Research output: Contribution to journalArticlepeer-review

46 Citations (Scopus)

Abstract

Learning from incidents (LFI) is a process to seek, analyse, and disseminate the severity and causes of incidents, and take corrective measures to prevent the recurrence of similar events. However, the effects of LFI on the learner’s safety performance remain unexplored. This study aimed to identify the effects of the major LFI factors on the safety performance of workers. A questionnaire survey was administered among 210 construction workers in China. A factor analysis was conducted to reveal the underlying LFI factors. A stepwise multiple linear regression was performed to analyse the relationship between the underlying LFI factors and safety performance.

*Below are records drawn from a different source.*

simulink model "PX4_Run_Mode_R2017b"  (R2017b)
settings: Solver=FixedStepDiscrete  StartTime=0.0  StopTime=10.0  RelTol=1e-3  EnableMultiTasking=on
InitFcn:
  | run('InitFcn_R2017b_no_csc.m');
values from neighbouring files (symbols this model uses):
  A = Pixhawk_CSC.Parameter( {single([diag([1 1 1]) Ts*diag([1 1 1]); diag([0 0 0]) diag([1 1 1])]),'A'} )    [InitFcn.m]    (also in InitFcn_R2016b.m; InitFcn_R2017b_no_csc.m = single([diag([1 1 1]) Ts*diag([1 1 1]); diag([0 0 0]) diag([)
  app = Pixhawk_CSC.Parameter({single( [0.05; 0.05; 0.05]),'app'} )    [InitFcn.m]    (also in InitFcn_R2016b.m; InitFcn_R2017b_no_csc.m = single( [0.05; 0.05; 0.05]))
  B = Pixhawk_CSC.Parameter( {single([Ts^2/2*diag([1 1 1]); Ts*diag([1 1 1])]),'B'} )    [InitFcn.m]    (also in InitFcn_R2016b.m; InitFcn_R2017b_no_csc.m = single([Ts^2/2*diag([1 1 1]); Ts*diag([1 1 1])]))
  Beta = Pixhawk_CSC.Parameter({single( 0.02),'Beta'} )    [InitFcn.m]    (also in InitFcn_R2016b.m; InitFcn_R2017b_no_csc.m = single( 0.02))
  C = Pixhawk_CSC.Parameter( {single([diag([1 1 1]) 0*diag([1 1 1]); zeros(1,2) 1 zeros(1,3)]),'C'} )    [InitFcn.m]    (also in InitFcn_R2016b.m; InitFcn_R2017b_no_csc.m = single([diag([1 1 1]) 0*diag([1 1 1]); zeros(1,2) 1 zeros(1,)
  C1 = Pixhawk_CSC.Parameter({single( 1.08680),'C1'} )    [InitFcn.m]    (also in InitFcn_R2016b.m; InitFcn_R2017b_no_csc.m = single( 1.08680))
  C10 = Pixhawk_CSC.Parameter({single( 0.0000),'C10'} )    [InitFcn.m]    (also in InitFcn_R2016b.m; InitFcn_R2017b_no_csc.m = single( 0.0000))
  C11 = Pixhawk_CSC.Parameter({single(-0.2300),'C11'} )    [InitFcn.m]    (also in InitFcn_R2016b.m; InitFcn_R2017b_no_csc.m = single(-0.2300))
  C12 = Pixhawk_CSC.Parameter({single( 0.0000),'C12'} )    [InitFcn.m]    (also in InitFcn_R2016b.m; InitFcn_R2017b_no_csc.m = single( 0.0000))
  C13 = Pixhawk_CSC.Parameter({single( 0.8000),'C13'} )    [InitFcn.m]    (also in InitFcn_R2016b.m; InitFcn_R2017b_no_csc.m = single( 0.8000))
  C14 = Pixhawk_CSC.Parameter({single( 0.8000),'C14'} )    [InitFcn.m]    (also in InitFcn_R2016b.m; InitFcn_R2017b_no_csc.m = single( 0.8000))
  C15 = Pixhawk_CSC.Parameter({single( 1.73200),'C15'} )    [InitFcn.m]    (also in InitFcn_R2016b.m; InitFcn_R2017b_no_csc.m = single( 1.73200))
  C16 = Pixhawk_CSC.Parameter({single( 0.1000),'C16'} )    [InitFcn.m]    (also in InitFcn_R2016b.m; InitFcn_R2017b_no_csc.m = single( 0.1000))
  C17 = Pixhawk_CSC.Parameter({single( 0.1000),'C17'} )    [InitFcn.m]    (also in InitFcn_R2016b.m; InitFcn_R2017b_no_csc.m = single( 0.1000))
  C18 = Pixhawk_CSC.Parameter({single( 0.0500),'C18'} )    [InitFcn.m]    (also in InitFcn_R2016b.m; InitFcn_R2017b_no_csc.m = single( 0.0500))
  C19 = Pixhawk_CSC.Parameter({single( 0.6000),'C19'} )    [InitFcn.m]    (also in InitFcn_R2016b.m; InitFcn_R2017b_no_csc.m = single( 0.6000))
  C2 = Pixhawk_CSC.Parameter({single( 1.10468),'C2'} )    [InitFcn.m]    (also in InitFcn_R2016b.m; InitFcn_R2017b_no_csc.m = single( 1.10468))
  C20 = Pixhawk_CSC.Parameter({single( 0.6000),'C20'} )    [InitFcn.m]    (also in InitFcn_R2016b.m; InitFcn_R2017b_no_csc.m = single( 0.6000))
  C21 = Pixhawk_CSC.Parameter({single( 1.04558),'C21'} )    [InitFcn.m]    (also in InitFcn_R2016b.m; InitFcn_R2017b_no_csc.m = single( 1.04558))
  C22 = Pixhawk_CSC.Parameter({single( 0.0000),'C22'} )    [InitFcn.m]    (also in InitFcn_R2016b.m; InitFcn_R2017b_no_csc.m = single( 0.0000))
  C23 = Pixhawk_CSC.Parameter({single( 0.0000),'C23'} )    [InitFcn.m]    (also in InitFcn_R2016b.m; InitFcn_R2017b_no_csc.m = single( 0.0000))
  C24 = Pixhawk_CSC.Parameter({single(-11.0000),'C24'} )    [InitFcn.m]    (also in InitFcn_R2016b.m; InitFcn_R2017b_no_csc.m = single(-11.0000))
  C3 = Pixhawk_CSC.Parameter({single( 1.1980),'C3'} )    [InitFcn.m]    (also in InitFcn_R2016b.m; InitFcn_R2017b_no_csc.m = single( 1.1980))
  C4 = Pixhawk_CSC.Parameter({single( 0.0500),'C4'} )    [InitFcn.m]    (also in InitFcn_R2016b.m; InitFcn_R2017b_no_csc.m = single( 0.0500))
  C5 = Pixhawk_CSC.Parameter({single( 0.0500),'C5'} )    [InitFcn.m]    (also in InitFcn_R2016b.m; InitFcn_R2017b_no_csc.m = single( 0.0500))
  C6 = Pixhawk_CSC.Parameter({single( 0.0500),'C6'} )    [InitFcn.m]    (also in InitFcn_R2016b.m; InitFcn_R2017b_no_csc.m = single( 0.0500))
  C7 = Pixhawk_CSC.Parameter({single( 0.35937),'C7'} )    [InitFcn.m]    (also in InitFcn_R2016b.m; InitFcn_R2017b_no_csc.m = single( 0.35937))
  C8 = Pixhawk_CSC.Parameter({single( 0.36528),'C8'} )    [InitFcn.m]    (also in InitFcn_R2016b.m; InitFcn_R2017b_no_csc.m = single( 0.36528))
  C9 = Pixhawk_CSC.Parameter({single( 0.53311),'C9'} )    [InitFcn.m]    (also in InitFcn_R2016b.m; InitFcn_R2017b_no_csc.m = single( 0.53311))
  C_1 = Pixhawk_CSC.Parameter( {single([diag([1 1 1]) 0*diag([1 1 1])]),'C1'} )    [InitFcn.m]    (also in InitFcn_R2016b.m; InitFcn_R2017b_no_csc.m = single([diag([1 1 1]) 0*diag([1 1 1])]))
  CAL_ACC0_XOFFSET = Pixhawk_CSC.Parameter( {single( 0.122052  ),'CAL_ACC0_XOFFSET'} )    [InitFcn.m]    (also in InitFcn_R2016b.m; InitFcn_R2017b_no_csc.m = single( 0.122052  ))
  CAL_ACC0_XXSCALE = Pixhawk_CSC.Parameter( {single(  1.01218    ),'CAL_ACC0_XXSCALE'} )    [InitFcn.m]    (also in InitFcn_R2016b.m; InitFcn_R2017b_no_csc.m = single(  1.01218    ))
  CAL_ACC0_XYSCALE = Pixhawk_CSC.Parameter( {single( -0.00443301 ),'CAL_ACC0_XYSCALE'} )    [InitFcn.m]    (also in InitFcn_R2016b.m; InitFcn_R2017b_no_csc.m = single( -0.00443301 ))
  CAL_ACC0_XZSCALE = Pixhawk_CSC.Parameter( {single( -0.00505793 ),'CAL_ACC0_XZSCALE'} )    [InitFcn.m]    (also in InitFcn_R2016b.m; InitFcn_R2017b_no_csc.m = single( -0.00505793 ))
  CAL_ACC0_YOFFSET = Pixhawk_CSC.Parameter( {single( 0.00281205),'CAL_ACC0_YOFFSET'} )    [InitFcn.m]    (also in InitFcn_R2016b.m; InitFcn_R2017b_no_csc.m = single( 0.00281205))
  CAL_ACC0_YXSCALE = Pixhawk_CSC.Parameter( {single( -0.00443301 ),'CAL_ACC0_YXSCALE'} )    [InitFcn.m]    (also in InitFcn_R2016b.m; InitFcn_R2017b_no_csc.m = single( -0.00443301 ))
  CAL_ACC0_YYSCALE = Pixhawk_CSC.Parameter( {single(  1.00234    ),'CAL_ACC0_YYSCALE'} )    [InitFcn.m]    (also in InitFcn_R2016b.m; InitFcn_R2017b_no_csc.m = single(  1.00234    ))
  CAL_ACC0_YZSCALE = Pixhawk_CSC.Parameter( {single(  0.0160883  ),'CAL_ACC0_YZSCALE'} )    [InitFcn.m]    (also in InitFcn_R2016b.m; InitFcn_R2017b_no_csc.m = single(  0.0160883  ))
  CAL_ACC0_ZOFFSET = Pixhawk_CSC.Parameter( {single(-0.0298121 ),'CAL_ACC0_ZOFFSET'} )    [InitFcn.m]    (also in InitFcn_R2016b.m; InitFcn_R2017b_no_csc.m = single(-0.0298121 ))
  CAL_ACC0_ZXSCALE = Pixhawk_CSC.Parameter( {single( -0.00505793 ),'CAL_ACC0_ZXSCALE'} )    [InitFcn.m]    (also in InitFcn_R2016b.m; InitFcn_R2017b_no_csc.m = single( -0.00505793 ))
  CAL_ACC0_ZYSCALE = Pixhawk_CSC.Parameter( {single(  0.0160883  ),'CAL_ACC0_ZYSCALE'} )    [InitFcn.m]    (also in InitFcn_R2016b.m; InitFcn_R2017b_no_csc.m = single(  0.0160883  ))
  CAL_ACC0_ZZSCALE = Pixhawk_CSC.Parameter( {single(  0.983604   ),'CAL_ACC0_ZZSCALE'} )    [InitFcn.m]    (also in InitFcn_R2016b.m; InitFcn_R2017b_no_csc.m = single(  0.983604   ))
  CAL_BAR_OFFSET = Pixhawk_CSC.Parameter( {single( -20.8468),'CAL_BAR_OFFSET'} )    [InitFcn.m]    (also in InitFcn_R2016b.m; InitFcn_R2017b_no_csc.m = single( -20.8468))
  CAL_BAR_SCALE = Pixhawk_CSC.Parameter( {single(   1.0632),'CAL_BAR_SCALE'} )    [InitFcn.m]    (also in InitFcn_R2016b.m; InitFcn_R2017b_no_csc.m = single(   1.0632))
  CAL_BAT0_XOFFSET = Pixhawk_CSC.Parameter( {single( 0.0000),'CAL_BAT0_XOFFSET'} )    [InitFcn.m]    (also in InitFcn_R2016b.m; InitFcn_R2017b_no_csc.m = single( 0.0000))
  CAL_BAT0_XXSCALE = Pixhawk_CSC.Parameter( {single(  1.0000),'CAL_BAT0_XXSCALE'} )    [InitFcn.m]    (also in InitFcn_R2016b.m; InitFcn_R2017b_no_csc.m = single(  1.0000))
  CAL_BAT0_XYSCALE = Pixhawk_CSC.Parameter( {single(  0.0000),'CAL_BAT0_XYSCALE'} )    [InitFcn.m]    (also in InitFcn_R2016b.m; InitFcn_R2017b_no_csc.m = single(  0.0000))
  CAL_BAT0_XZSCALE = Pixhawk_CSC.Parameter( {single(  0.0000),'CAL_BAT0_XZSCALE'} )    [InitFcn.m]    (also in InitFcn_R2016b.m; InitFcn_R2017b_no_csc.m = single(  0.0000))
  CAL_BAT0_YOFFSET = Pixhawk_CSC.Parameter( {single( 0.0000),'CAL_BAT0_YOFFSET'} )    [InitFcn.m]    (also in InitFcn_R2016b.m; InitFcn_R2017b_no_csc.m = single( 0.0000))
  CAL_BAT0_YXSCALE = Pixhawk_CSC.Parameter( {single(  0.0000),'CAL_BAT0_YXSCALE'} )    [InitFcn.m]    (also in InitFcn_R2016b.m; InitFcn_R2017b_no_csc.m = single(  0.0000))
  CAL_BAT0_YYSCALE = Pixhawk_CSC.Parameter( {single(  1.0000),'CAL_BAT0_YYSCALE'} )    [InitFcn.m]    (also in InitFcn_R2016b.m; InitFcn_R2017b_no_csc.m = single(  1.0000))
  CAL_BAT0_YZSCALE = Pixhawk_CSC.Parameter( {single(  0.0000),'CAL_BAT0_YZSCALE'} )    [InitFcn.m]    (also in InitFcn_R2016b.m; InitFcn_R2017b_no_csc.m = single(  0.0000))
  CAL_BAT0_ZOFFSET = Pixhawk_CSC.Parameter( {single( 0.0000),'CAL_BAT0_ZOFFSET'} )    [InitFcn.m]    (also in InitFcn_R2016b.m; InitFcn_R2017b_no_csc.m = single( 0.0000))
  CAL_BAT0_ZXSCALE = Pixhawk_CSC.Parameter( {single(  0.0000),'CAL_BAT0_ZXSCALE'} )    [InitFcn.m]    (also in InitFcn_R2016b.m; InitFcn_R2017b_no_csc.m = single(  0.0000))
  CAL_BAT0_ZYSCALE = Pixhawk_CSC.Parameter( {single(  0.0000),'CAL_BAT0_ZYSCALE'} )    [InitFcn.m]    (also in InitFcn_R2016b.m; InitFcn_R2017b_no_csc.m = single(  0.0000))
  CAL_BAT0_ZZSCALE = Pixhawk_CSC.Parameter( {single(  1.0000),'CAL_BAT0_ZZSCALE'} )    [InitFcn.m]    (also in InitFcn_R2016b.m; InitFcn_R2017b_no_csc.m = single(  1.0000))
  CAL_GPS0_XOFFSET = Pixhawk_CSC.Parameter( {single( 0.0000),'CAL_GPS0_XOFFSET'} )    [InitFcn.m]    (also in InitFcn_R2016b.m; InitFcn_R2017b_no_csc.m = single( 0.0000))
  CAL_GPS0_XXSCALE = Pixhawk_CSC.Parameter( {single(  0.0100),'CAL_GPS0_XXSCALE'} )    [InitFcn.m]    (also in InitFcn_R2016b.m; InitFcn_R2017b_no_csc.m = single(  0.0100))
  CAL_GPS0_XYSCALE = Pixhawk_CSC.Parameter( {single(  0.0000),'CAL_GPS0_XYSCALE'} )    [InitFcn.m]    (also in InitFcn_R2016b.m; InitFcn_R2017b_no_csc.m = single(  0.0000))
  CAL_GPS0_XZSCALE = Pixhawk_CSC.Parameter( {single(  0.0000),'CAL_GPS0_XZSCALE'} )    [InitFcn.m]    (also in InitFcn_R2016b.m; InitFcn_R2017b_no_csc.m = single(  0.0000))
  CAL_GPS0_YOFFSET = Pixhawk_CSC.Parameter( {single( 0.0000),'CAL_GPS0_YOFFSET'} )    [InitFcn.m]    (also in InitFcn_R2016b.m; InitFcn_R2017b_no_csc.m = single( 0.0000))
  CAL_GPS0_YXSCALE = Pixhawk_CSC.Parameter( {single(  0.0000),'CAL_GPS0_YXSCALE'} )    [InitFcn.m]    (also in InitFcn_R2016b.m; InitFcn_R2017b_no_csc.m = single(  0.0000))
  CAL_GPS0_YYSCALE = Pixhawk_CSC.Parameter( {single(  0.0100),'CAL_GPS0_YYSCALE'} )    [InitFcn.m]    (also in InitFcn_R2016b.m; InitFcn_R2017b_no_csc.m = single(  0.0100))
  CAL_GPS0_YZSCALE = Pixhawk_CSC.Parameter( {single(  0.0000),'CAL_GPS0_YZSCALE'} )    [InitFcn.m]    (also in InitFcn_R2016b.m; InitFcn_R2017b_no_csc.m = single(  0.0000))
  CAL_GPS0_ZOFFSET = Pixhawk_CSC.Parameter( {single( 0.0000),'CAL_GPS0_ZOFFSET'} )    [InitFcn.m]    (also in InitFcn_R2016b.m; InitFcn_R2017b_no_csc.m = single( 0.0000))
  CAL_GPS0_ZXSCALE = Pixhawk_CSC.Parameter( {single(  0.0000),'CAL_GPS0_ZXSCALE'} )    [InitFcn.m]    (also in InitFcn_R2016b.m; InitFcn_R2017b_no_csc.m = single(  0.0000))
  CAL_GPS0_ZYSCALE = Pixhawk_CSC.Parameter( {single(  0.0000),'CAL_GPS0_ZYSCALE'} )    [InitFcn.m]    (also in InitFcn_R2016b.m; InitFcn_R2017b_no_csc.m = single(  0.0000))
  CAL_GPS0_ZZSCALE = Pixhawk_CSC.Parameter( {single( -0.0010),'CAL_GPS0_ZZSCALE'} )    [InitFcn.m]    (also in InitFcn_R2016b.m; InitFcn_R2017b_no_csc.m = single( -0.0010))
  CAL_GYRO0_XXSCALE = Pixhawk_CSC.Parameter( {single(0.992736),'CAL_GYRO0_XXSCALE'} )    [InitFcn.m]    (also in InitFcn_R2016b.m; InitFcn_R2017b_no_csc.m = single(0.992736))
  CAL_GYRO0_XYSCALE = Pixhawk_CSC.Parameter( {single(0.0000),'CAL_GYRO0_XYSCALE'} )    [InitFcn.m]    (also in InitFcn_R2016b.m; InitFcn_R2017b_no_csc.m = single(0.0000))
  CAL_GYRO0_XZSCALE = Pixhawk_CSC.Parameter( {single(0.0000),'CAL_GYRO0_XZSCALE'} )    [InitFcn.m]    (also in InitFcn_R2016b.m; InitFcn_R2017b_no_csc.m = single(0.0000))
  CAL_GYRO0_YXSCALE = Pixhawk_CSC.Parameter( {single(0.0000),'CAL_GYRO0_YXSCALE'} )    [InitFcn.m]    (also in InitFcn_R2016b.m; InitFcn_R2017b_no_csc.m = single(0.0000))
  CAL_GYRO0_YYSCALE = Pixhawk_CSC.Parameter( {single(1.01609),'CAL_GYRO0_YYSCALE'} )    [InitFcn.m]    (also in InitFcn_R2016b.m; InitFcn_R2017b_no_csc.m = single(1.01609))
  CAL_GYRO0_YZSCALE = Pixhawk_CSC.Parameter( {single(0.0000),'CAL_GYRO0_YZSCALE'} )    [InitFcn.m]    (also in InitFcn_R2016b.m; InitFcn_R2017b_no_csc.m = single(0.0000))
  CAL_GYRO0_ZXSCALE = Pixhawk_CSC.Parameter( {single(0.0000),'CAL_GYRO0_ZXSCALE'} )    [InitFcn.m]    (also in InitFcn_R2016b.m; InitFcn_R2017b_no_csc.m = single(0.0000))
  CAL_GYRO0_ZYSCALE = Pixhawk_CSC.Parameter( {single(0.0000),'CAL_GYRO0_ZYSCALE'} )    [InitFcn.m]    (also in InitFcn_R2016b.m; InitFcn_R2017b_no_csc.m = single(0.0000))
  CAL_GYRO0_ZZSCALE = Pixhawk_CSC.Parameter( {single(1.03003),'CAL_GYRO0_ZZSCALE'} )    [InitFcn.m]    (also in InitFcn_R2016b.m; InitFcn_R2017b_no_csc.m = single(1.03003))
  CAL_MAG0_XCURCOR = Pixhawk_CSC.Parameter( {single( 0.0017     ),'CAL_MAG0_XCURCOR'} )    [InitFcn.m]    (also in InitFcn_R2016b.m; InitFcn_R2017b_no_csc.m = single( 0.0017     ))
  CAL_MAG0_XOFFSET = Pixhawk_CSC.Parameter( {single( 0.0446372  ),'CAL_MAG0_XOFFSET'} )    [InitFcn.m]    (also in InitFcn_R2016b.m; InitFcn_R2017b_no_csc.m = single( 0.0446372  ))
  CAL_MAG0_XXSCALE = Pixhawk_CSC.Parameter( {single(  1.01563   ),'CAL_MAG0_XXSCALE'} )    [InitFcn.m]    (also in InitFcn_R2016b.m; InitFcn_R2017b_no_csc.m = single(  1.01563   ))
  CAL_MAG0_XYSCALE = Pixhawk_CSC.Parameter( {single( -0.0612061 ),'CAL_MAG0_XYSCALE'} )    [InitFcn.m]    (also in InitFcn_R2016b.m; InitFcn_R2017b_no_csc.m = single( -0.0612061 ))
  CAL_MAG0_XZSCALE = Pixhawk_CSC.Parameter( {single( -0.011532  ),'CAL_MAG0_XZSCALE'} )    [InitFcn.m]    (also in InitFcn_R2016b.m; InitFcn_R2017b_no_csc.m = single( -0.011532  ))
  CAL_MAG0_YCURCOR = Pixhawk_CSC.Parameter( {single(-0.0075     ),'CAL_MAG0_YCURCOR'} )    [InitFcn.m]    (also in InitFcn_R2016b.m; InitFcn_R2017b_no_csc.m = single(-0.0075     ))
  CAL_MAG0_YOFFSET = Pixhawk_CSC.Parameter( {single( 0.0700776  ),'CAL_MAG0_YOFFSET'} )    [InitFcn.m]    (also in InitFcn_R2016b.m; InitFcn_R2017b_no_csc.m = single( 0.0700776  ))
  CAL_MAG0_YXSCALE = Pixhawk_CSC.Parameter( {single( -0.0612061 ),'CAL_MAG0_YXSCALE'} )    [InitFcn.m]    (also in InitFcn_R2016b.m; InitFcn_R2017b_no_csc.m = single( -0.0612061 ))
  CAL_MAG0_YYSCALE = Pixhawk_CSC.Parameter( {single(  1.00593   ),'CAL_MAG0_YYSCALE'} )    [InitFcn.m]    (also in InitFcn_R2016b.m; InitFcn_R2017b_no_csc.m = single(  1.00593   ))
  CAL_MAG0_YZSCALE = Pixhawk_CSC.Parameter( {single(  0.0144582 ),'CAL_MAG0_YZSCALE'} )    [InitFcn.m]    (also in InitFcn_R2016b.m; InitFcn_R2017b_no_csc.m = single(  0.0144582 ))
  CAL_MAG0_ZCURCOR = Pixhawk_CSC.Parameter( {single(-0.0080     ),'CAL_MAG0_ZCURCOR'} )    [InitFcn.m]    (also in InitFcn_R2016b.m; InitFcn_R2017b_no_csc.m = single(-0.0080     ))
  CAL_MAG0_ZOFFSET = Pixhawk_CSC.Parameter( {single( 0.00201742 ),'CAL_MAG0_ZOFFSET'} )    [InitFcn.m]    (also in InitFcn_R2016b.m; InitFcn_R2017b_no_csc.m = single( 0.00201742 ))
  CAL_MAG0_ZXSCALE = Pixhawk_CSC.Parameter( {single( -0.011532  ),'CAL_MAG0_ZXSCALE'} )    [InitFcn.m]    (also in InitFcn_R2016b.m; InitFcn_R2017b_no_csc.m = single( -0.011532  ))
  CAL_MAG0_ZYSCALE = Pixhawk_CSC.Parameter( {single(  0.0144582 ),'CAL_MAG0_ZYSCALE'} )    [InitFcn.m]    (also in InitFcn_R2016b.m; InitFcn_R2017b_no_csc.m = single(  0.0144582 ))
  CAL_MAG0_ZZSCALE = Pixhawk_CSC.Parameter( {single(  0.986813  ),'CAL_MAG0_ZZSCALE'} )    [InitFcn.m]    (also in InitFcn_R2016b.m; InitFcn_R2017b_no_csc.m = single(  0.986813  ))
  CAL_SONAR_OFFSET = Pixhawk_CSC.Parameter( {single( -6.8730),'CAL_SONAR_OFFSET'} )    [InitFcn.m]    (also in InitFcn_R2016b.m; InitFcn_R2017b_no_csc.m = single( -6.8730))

A Bayesian Network (BN) was further modelled to identify the probabilistic relational network between the underlying LFI factors and safety performance. The results of BN modelling showed that all the underlying factors were important to improve the safety performance of construction workers. Additionally, sensitivity analysis revealed that the two underlying factors—information sharing and utilization and management commitment—had the largest effects on improving workers’ safety performance. The proposed BN also helped find out the most efficient strategy to improve workers’ safety performance. This research may serve as a useful guide for better implementation of LFI practices in the construction sector.

Original languageEnglish
Article number4570
Number of pages26
JournalInternational Journal of Environmental Research and Public Health
Volume20
Issue number5
DOIs
Publication statusPublished - 4 Mar 2023

UN SDGs

This output contributes to the following UN Sustainable Development Goals (SDGs)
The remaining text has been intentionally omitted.